Creating Azure Automation Runbook

So first things first, I must create and publish the remediation runbook in the Azure Automation account before we can select it when we create the OMS alert. Although we cannot configure what parameters to pass into the runbook, the OMS alert passes the search result and some meta data into the runbook in JSON format (I will show it later). So based on my experience, in order to make the runbooks re-useable, we can some optional input parameters for the runbook, and inside the runbook, check if any of these optional parameters are null, then retrieve the value elsewhere (i.e. Azure Automation variable and credential assets).

In this case, I have created a PowerShell based runbook called Remove-SCAdvisorRegistration, the code is listed below:

Param(
  [Parameter(Mandatory=$false)][object]$WebHookData,
  [Parameter(Mandatory=$false)][PSCredential]$ServerAdminCred
)

#region funcions
Function Remove-MMAAdvisorRegistration
{
  Param(
    [Parameter(Mandatory=$true)][PSCredential]$Credential,
    [Parameter(Mandatory=$true)][String]$ComputerName
  )
  $hklm = 2147483650
  $RegOMMGPath = "System\CurrentControlSet\Services\HealthService\Parameters\Management Groups"

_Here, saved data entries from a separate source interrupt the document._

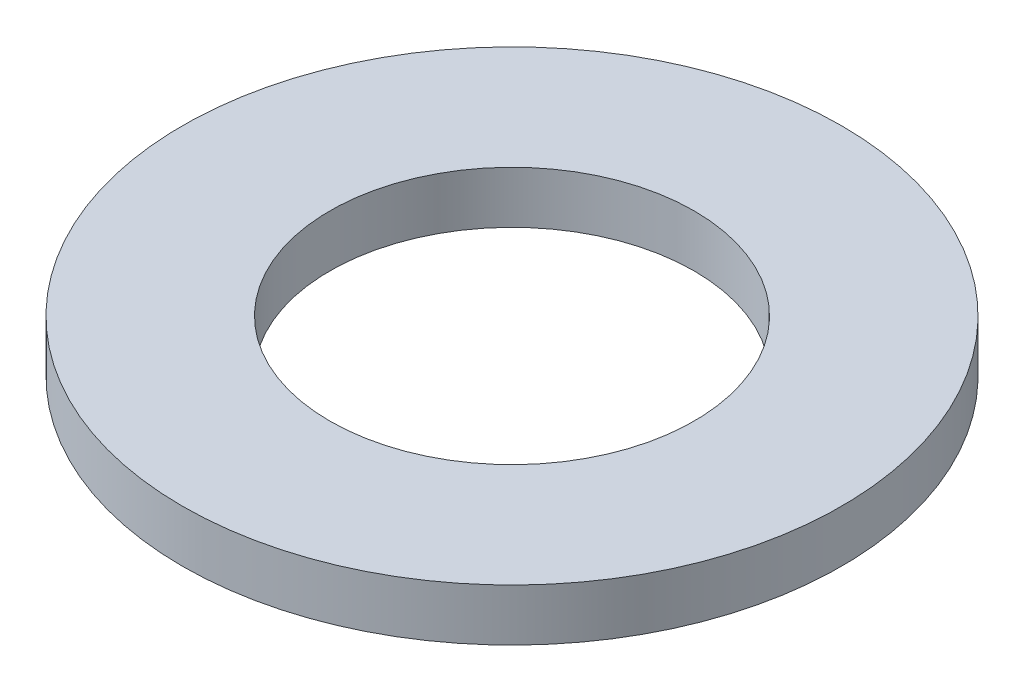
ISO-10303-21;
HEADER;
FILE_DESCRIPTION(('STEP AP214'),'2;1');
FILE_NAME('part.step','',(''),(''),'','','');
FILE_SCHEMA(('AUTOMOTIVE_DESIGN { 1 0 10303 214 1 1 1 1 }'));
ENDSEC;
DATA;
#1=APPLICATION_CONTEXT('core data for automotive mechanical design processes');
#2=APPLICATION_PROTOCOL_DEFINITION('international standard','automotive_design',2000,#1);
#3=PRODUCT_CONTEXT('',#1,'mechanical');
#4=PRODUCT('Part','Part','',(#3));
#5=PRODUCT_RELATED_PRODUCT_CATEGORY('part','',(#4));
#6=PRODUCT_DEFINITION_FORMATION('','',#4);
#7=PRODUCT_DEFINITION_CONTEXT('part definition',#1,'design');
#8=PRODUCT_DEFINITION('design','',#6,#7);
#9=PRODUCT_DEFINITION_SHAPE('','',#8);
#10=(LENGTH_UNIT() NAMED_UNIT(*) SI_UNIT(.MILLI.,.METRE.));
#11=(NAMED_UNIT(*) PLANE_ANGLE_UNIT() SI_UNIT($,.RADIAN.));
#12=(NAMED_UNIT(*) SI_UNIT($,.STERADIAN.) SOLID_ANGLE_UNIT());
#13=UNCERTAINTY_MEASURE_WITH_UNIT(LENGTH_MEASURE(1.E-05),#10,'distance_accuracy_value','');
#14=(GEOMETRIC_REPRESENTATION_CONTEXT(3) GLOBAL_UNCERTAINTY_ASSIGNED_CONTEXT((#13)) GLOBAL_UNIT_ASSIGNED_CONTEXT((#10,
#11,#12)) REPRESENTATION_CONTEXT('',''));
#15=CARTESIAN_POINT('',(0.,0.,0.));
#16=DIRECTION('',(0.,0.,1.));
#17=DIRECTION('',(1.,0.,0.));
#18=AXIS2_PLACEMENT_3D('',#15,#16,#17);
#19=CARTESIAN_POINT('',(0.,6.,0.));
#20=DIRECTION('',(0.,1.,0.));
#21=DIRECTION('',(0.,0.,1.));
#22=AXIS2_PLACEMENT_3D('',#19,#20,#21);
#23=PLANE('',#22);
#24=CARTESIAN_POINT('',(0.,6.,0.));
#25=DIRECTION('',(0.,1.,0.));
#26=DIRECTION('',(0.,0.,1.));
#27=AXIS2_PLACEMENT_3D('',#24,#25,#26);
#28=CIRCLE('',#27,38.);
#29=CARTESIAN_POINT('',(0.,6.,38.));
#30=VERTEX_POINT('',#29);
#31=EDGE_CURVE('E10',#30,#30,#28,.T.);
#32=ORIENTED_EDGE('',*,*,#31,.T.);
#33=EDGE_LOOP('',(#32));
#34=FACE_BOUND('',#33,.T.);
#35=CARTESIAN_POINT('',(0.,6.,0.));
#36=DIRECTION('',(0.,1.,0.));
#37=DIRECTION('',(0.,0.,1.));
#38=AXIS2_PLACEMENT_3D('',#35,#36,#37);
#39=CIRCLE('',#38,21.);
#40=CARTESIAN_POINT('',(0.,6.,21.));
#41=VERTEX_POINT('',#40);
#42=EDGE_CURVE('E48',#41,#41,#39,.T.);
#43=ORIENTED_EDGE('',*,*,#42,.F.);
#44=EDGE_LOOP('',(#43));
#45=FACE_BOUND('',#44,.T.);
#46=ADVANCED_FACE('F37',(#34,#45),#23,.T.);
#47=CARTESIAN_POINT('',(0.,0.,0.));
#48=DIRECTION('',(0.,1.,0.));
#49=DIRECTION('',(0.,0.,1.));
#50=AXIS2_PLACEMENT_3D('',#47,#48,#49);
#51=PLANE('',#50);
#52=CARTESIAN_POINT('',(0.,0.,0.));
#53=DIRECTION('',(0.,1.,0.));
#54=DIRECTION('',(0.,0.,1.));
#55=AXIS2_PLACEMENT_3D('',#52,#53,#54);
#56=CIRCLE('',#55,38.);
#57=CARTESIAN_POINT('',(0.,0.,38.));
#58=VERTEX_POINT('',#57);
#59=EDGE_CURVE('E41',#58,#58,#56,.T.);
#60=ORIENTED_EDGE('',*,*,#59,.F.);
#61=EDGE_LOOP('',(#60));
#62=FACE_BOUND('',#61,.T.);
#63=CARTESIAN_POINT('',(0.,0.,0.));
#64=DIRECTION('',(0.,1.,0.));
#65=DIRECTION('',(0.,0.,1.));
#66=AXIS2_PLACEMENT_3D('',#63,#64,#65);
#67=CIRCLE('',#66,21.);
#68=CARTESIAN_POINT('',(0.,0.,21.));
#69=VERTEX_POINT('',#68);
#70=EDGE_CURVE('E50',#69,#69,#67,.T.);
#71=ORIENTED_EDGE('',*,*,#70,.T.);
#72=EDGE_LOOP('',(#71));
#73=FACE_BOUND('',#72,.T.);
#74=ADVANCED_FACE('F60',(#62,#73),#51,.F.);
#75=CARTESIAN_POINT('',(0.,6.,0.));
#76=DIRECTION('',(0.,-1.,0.));
#77=DIRECTION('',(0.,0.,-1.));
#78=AXIS2_PLACEMENT_3D('',#75,#76,#77);
#79=CYLINDRICAL_SURFACE('',#78,38.);
#80=ORIENTED_EDGE('',*,*,#31,.F.);
#81=EDGE_LOOP('',(#80));
#82=FACE_BOUND('',#81,.T.);
#83=ORIENTED_EDGE('',*,*,#59,.T.);
#84=EDGE_LOOP('',(#83));
#85=FACE_BOUND('',#84,.T.);
#86=ADVANCED_FACE('F39',(#82,#85),#79,.T.);
#87=CARTESIAN_POINT('',(0.,6.,0.));
#88=DIRECTION('',(0.,-1.,0.));
#89=DIRECTION('',(0.,0.,-1.));
#90=AXIS2_PLACEMENT_3D('',#87,#88,#89);
#91=CYLINDRICAL_SURFACE('',#90,21.);
#92=ORIENTED_EDGE('',*,*,#42,.T.);
#93=EDGE_LOOP('',(#92));
#94=FACE_BOUND('',#93,.T.);
#95=ORIENTED_EDGE('',*,*,#70,.F.);
#96=EDGE_LOOP('',(#95));
#97=FACE_BOUND('',#96,.T.);
#98=ADVANCED_FACE('F56',(#94,#97),#91,.F.);
#99=CLOSED_SHELL('',(#46,#74,#86,#98));
#100=MANIFOLD_SOLID_BREP('B2',#99);
#101=ADVANCED_BREP_SHAPE_REPRESENTATION('',(#18,#100),#14);
#102=SHAPE_DEFINITION_REPRESENTATION(#9,#101);
ENDSEC;
END-ISO-10303-21;

  #Connect to remote registry via WMI
  $wmi = get-wmiobject -list "StdRegProv" -namespace root\default -computername $ComputerName -credential $Credential
  $MGSubKeys = $wmi.EnumKey($hklm, $RegOMMGPath)
  $arrMGs = @()
  Foreach ($item in $MGSubKeys.sNames)
  {
    If ($item -ne "AdvisorMonitorV2")
    {
      $arrMGs += "System\CurrentControlSet\Services\HealthService\Parameters\Management Groups\$item"
    }
  }
  If ($arrMGs.count -gt 1)
  {
    Write-Error "The computer $ComputerName is multi-homed to more than one SCOM management groups. This configuration is not supported by this runbook, please manaully remove the SC Advisor registration."
      Exit 1
  } elseif ($arrMGs.Count -eq 0)
  {
    Write-Error "The computer $ComputerName is not configured to report to any SCOM management groups."
    Exit 2
  }

  #Get the MG ID
  $MGID = $wmi.GetStringValue($hklm, $arrMGs[0], "ID").sValue

  #Check 'SOFTWARE\Microsoft\System Center Operations Manager\12\Advisor\RegisterToManagementGroup' Value
  $AdvisorRegKey = 'SOFTWARE\Microsoft\System Center Operations Manager\12\Advisor'
  $RegisterToManagementGroup = $wmi.GetStringValue($hklm, $AdvisorRegKey, "RegisterToManagementGroup").sValue

  If ($RegisterToManagementGroup -ine $MGID)
  {
    Write-Verbose "'HKLM\SOFTWARE\Microsoft\System Center Operations Manager\12\Advisor\RegisterToManagementGroup' is not set to the correct MG. Making this value blank."
    $ResetRegisterToMG = $wmi.SetStringValue($hklm, $AdvisorRegKey, "RegisterToManagementGroup", "")
    Write-Verbose "Return Value for Reset 'HKLM\SOFTWARE\Microsoft\System Center Operations Manager\12\Advisor\RegisterToManagementGroup' value: $($ResetRegisterToMG.ReturnValue)"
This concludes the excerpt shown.